ENTRIES PROVIDED -

______

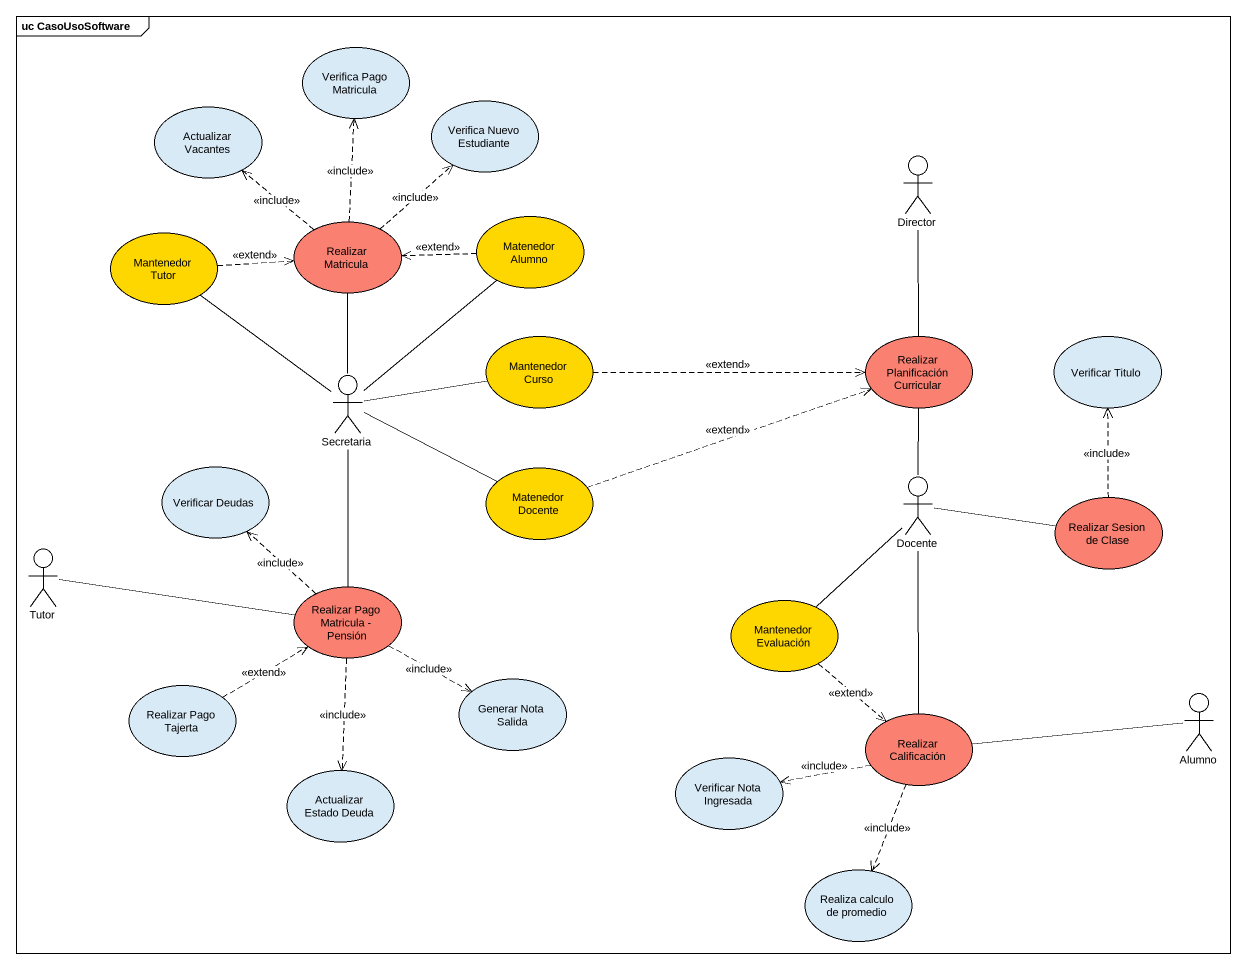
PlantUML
@startuml
mainframe uc CasoUsoSoftware
usecase "Verifica Pago Matricula" as Verifica_Pago_Matricula
usecase "Actualizar Vacantes" as Actualizar_Vacantes
usecase "Verifica Nuevo Estudiante" as Verifica_Nuevo_Estudiante
actor Director
usecase "Realizar Matricula" as Realizar_Matricula #FA8072
usecase "Matenedor Alumno" as Matenedor_Alumno #FFD700
usecase "Mantenedor Tutor" as Mantenedor_Tutor #FFD700
usecase "Mantenedor Curso" as Mantenedor_Curso #FFD700
usecase "Realizar Planificación Curricular" as Realizar_Planificación #FA8072
usecase "Verificar Titulo" as Verificar_Titulo
actor Secretaria
usecase "Verificar Deudas" as Verificar_Deudas
usecase "Matenedor Docente" as Matenedor_Docente #FFD700
actor Docente
usecase "Realizar Sesion de Clase" as Realizar_Sesion_de_Clase #FA8072
actor Tutor
usecase "Realizar Pago Matricula - Pensión" as Realizar_Pago_Matricula #FA8072
usecase "Mantenedor Evaluación" as Mantenedor_Evaluación #FFD700
usecase "Realizar Pago Tajerta" as Realizar_Pago_Tajerta
usecase "Generar Nota Salida" as Generar_Nota_Salida
actor Alumno
usecase "Realizar Calificación" as Realizar_Calificación #FA8072
usecase "Actualizar Estado Deuda" as Actualizar_Estado_Deuda
usecase "Verificar Nota Ingresada" as Verificar_Nota_Ingresada
usecase "Realiza calculo de promedio" as Realiza_calculo_de_promedio
Realizar_Matricula .up.> Verifica_Pago_Matricula : <<include>>
Realizar_Matricula .up.> Actualizar_Vacantes : <<include>>
Realizar_Matricula .up.> Verifica_Nuevo_Estudiante : <<include>>
Matenedor_Alumno .left.> Realizar_Matricula : <<extend>>
Mantenedor_Tutor .right.> Realizar_Matricula : <<extend>>
Mantenedor_Curso .right.> Realizar_Planificación : <<extend>>
Realizar_Planificación -up- Director
Secretaria -up- Realizar_Matricula
Secretaria -up- Matenedor_Alumno
Secretaria -up- Mantenedor_Tutor
Secretaria -right- Mantenedor_Curso
Secretaria -right- Matenedor_Docente
Secretaria -- Realizar_Pago_Matricula
Matenedor_Docente .right.> Realizar_Planificación : <<extend>>
Docente -up- Realizar_Planificación
Docente -right- Realizar_Sesion_de_Clase
Docente -- Mantenedor_Evaluación
Realizar_Sesion_de_Clase .up.> Verificar_Titulo : <<include>>
Tutor -right- Realizar_Pago_Matricula
Realizar_Pago_Matricula .up.> Verificar_Deudas : <<include>>
Realizar_Pago_Matricula .right.> Generar_Nota_Salida : <<include>>
Realizar_Pago_Matricula ..> Actualizar_Estado_Deuda : <<include>>
Mantenedor_Evaluación ..> Realizar_Calificación : <<extend>>
Realizar_Pago_Tajerta .right.> Realizar_Pago_Matricula : <<extend>>
Alumno -left- Realizar_Calificación
Realizar_Calificación -up- Docente
Realizar_Calificación .left.> Verificar_Nota_Ingresada : <<include>>
Realizar_Calificación ..> Realiza_calculo_de_promedio : <<include>>
@enduml
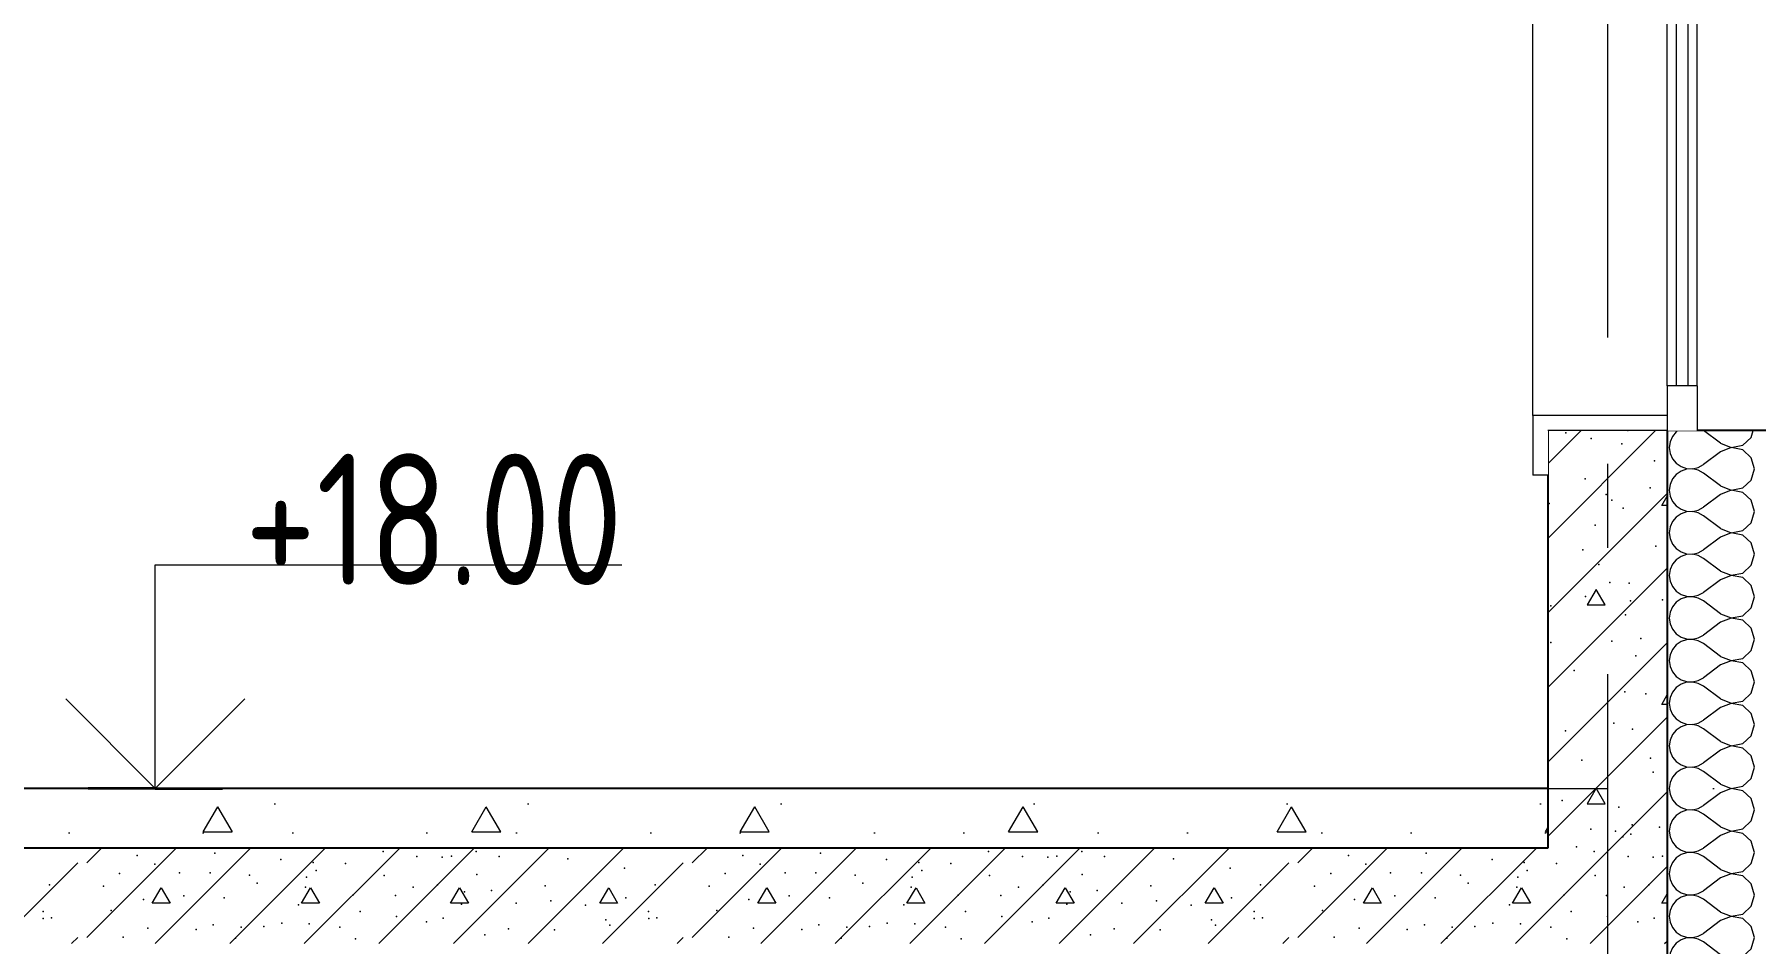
# Model space of a CAD drawing. Header units: millimetres. Extents: x 18162 to 7085488, y 72188 to 247925.
# Drawn here: x 3680692 to 3683577, y 112858 to 114382 of the extents above; entities that cross this region are included whole.
import ezdxf
from ezdxf.enums import TextEntityAlignment as Align

# ---------------------------------------------------------------- set-up
doc = ezdxf.new("R2010")
doc.units = ezdxf.units.MM
doc.header["$MEASUREMENT"] = 0
for name, pattern in [('Dot & Dashed', [670.277762, 317.5, -176.388889, 0, -176.388874]), ('Double Dashed', [1093.611073, 529.166651, -211.666656, 141.111112, -211.666656]), ('Wipeout_Contour', [1000, 0, -1000])]:
    doc.linetypes.add(name, pattern=pattern)
for name, color, linetype in [('Archicad Windows', 7, 'Continuous'), ('Structural - Bearing', 7, 'Continuous'), ('Structural - Grid', 7, 'Continuous')]:
    doc.layers.add(name, color=color, linetype=linetype)
doc.styles.add('GENERATED_STYLE_3', font='', dxfattribs={"width": 0.8})
doc.styles.get('GENERATED_STYLE_3').set_extended_font_data('ISOCPEUR MON')
doc.dimstyles.new('GENERATED_STYLE__10', dxfattribs={"dimtxt": 220.000005, "dimasz": 114, "dimexe": 0.18, "dimexo": 762.629951, "dimgap": 0, "dimtad": 1, "dimdec": 0, "dimzin": 0, "dimdsep": 46, "dimtxsty": 'GENERATED_STYLE_3', "dimblk": 'ARROWHEAD_2', "dimblk1": 'ARROWHEAD_2', "dimblk2": 'ARROWHEAD_2', "dimcen": 0.09, "dimclrd": 13, "dimclre": 13, "dimclrt": 13, "dimadec": 0, "dimazin": 0, "dimtfac": 1, "dimtdec": 4, "dimtmove": 0, "dimatfit": 3, "dimfxl": 1, "dimtolj": 1, "dimtzin": 0, "dimarcsym": 0})
doc.dimstyles.new('GENERATED_STYLE__9', dxfattribs={"dimtxt": 220.000005, "dimasz": 114, "dimexe": 0.18, "dimexo": 312.629951, "dimgap": 0, "dimtad": 1, "dimdec": 0, "dimzin": 0, "dimdsep": 46, "dimtxsty": 'GENERATED_STYLE_3', "dimblk": 'ARROWHEAD_2', "dimblk1": 'ARROWHEAD_2', "dimblk2": 'ARROWHEAD_2', "dimcen": 0.09, "dimclrd": 13, "dimclre": 13, "dimclrt": 13, "dimadec": 0, "dimazin": 0, "dimtfac": 1, "dimtdec": 4, "dimtmove": 0, "dimatfit": 3, "dimfxl": 1, "dimtolj": 1, "dimtzin": 0, "dimarcsym": 0})

# ---------------------------------------------------------------- blocks, each defined once
blk = doc.blocks.new('*X814', base_point=(3761974.7, 95118))
at = {"layer": 'Structural - Bearing', "color": 7, "linetype": 'Continuous', "lineweight": 9}
for p, q in [((3683447.5, 113018), (3683452.4, 113014.6)), ((3683452.4, 113014.6), (3683461.7, 113011.5)), ((3683471.5, 113011), (3683481.1, 113013.2)), ((3683481.1, 113013.2), (3683489.8, 113018)), ((3683575.5, 113010.9), (3683573.5, 113018)), ((3683434, 112984.9), (3683432.6, 112975.1)), ((3683438, 112993.9), (3683434, 112984.9)), ((3683444.2, 113001.5), (3683438, 112993.9)), ((3683452.4, 113007.1), (3683444.2, 113001.5)), ((3683461.7, 113010.2), (3683452.4, 113007.1)), ((3683461.7, 113011.5), (3683471.5, 113011)), ((3683471.5, 113010.7), (3683461.7, 113010.2)), ((3683481.1, 113008.5), (3683471.5, 113010.7)), ((3683489.8, 113003.7), (3683481.1, 113008.5)), ((3683518.3, 112982.3), (3683489.8, 113003.7)), ((3683555.7, 112978.9), (3683570.1, 112992.1)), ((3683570.1, 112992.1), (3683575.5, 113010.9)), ((3683432.6, 112975.1), (3683434, 112965.4)), ((3683434, 112965.4), (3683438, 112956.4)), ((3683438, 112956.4), (3683444.2, 112948.8)), ((3683518.3, 112968), (3683489.8, 112946.6)), ((3683518.3, 112982.3), (3683536.6, 112975.3)), ((3683536.6, 112975), (3683518.3, 112968)), ((3683536.6, 112975.3), (3683555.7, 112978.9)), ((3683555.7, 112971.4), (3683536.6, 112975)), ((3683570.1, 112958.2), (3683555.7, 112971.4)), ((3683575.5, 112939.4), (3683570.1, 112958.2)), ((3683444.2, 112930.1), (3683438, 112922.5)), ((3683444.2, 112948.8), (3683452.4, 112943.2)), ((3683452.4, 112935.7), (3683444.2, 112930.1)), ((3683452.4, 112943.2), (3683461.7, 112940.1)), ((3683461.7, 112938.8), (3683452.4, 112935.7)), ((3683461.7, 112940.1), (3683471.5, 112939.6)), ((3683471.5, 112939.3), (3683461.7, 112938.8)), ((3683471.5, 112939.6), (3683481.1, 112941.8)), ((3683481.1, 112937.1), (3683471.5, 112939.3)), ((3683481.1, 112941.8), (3683489.8, 112946.6)), ((3683489.8, 112932.3), (3683481.1, 112937.1)), ((3683518.3, 112910.9), (3683489.8, 112932.3)), ((3683570.1, 112920.7), (3683575.5, 112939.4)), ((3683434, 112913.5), (3683432.6, 112903.7)), ((3683432.6, 112903.7), (3683434, 112894)), ((3683438, 112922.5), (3683434, 112913.5)), ((3683518.3, 112910.9), (3683536.6, 112903.9)), ((3683536.6, 112903.6), (3683518.3, 112896.6)), ((3683536.6, 112903.9), (3683555.7, 112907.5)), ((3683555.7, 112900), (3683536.6, 112903.6)), ((3683555.7, 112907.5), (3683570.1, 112920.7)), ((3683570.1, 112886.8), (3683555.7, 112900)), ((3683434, 112894), (3683438, 112884.9)), ((3683438, 112884.9), (3683444.2, 112877.4)), ((3683444.2, 112877.4), (3683452.4, 112871.8)), ((3683452.4, 112871.8), (3683461.7, 112868.6)), ((3683461.7, 112868.6), (3683471.5, 112868.2)), ((3683471.5, 112867.9), (3683461.7, 112867.4)), ((3683471.5, 112868.2), (3683481.1, 112870.4)), ((3683481.1, 112865.6), (3683471.5, 112867.9)), ((3683481.1, 112870.4), (3683489.8, 112875.1)), ((3683518.3, 112896.6), (3683489.8, 112875.1)), ((3683575.5, 112868), (3683570.1, 112886.8)), ((3683570.1, 112849.2), (3683575.5, 112868)), ((3683434, 112842.1), (3683432.6, 112832.3)), ((3683438, 112851.1), (3683434, 112842.1)), ((3683444.2, 112858.7), (3683438, 112851.1)), ((3683452.4, 112864.2), (3683444.2, 112858.7)), ((3683461.7, 112867.4), (3683452.4, 112864.2)), ((3683489.8, 112860.9), (3683481.1, 112865.6)), ((3683518.3, 112839.4), (3683489.8, 112860.9)), ((3683518.3, 112839.4), (3683536.6, 112832.4)), ((3683555.7, 112836.1), (3683570.1, 112849.2)), ((3683432.6, 112832.3), (3683434, 112822.5)), ((3683434, 112822.5), (3683438, 112813.5)), ((3683438, 112813.5), (3683444.2, 112805.9)), ((3683518.3, 112825.1), (3683489.8, 112803.7)), ((3683536.6, 112832.1), (3683518.3, 112825.1)), ((3683536.6, 112832.4), (3683555.7, 112836.1)), ((3683555.7, 112828.5), (3683536.6, 112832.1)), ((3683570.1, 112815.4), (3683555.7, 112828.5)), ((3683575.5, 112796.6), (3683570.1, 112815.4)), ((3683444.2, 112787.2), (3683438, 112779.6)), ((3683444.2, 112805.9), (3683452.4, 112800.3)), ((3683452.4, 112792.8), (3683444.2, 112787.2)), ((3683452.4, 112800.3), (3683461.7, 112797.2)), ((3683461.7, 112796), (3683452.4, 112792.8)), ((3683461.7, 112797.2), (3683471.5, 112796.7)), ((3683471.5, 112796.4), (3683461.7, 112796)), ((3683471.5, 112796.7), (3683481.1, 112799)), ((3683481.1, 112794.2), (3683471.5, 112796.4)), ((3683481.1, 112799), (3683489.8, 112803.7)), ((3683489.8, 112789.4), (3683481.1, 112794.2)), ((3683518.3, 112768), (3683489.8, 112789.4)), ((3683570.1, 112777.8), (3683575.5, 112796.6)), ((3683434, 112770.6), (3683432.6, 112760.9)), ((3683432.6, 112760.9), (3683434, 112751.1)), ((3683438, 112779.6), (3683434, 112770.6)), ((3683518.3, 112753.7), (3683489.8, 112732.3)), ((3683518.3, 112768), (3683536.6, 112761)), ((3683536.6, 112760.7), (3683518.3, 112753.7)), ((3683536.6, 112761), (3683555.7, 112764.6)), ((3683555.7, 112757.1), (3683536.6, 112760.7)), ((3683555.7, 112764.6), (3683570.1, 112777.8)), ((3683570.1, 112743.9), (3683555.7, 112757.1)), ((3683434, 112751.1), (3683438, 112742.1)), ((3683438, 112742.1), (3683444.2, 112734.5)), ((3683444.2, 112734.5), (3683452.4, 112728.9)), ((3683452.4, 112728.9), (3683461.7, 112725.8)), ((3683461.7, 112724.5), (3683452.4, 112721.4)), ((3683461.7, 112725.8), (3683471.5, 112725.3)), ((3683471.5, 112725), (3683461.7, 112724.5)), ((3683471.5, 112725.3), (3683481.1, 112727.5)), ((3683481.1, 112722.8), (3683471.5, 112725)), ((3683481.1, 112727.5), (3683489.8, 112732.3)), ((3683575.5, 112725.1), (3683570.1, 112743.9)), ((3683570.1, 112706.4), (3683575.5, 112725.1)), ((3683434, 112699.2), (3683432.6, 112689.4)), ((3683438, 112708.2), (3683434, 112699.2)), ((3683444.2, 112715.8), (3683438, 112708.2)), ((3683452.4, 112721.4), (3683444.2, 112715.8)), ((3683489.8, 112718), (3683481.1, 112722.8)), ((3683518.3, 112696.6), (3683489.8, 112718)), ((3683518.3, 112696.6), (3683536.6, 112689.6)), ((3683555.7, 112693.2), (3683570.1, 112706.4)), ((3683432.6, 112689.4), (3683434, 112679.7)), ((3683434, 112679.7), (3683438, 112670.7)), ((3683438, 112670.7), (3683444.2, 112663.1)), ((3683518.3, 112682.3), (3683489.8, 112660.9)), ((3683536.6, 112689.3), (3683518.3, 112682.3)), ((3683536.6, 112689.6), (3683555.7, 112693.2)), ((3683555.7, 112685.7), (3683536.6, 112689.3)), ((3683570.1, 112672.5), (3683555.7, 112685.7)), ((3683575.5, 112653.7), (3683570.1, 112672.5)), ((3683444.2, 112644.4), (3683438, 112636.8)), ((3683444.2, 112663.1), (3683452.4, 112657.5)), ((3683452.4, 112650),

______

TO DO -
Please give an exact copy of the lines above, beginning with the line containing "Mantenedor_Curso .right.> Realizar_Planificación" and running through the line containing "Secretaria -right- Mantenedor_Curso", and of no other lines.

RESPONSE FOR THIS EXERCISE -
Mantenedor_Curso .right.> Realizar_Planificación : <<extend>>
Realizar_Planificación -up- Director
Secretaria -up- Realizar_Matricula
Secretaria -up- Matenedor_Alumno
Secretaria -up- Mantenedor_Tutor
Secretaria -right- Mantenedor_Curso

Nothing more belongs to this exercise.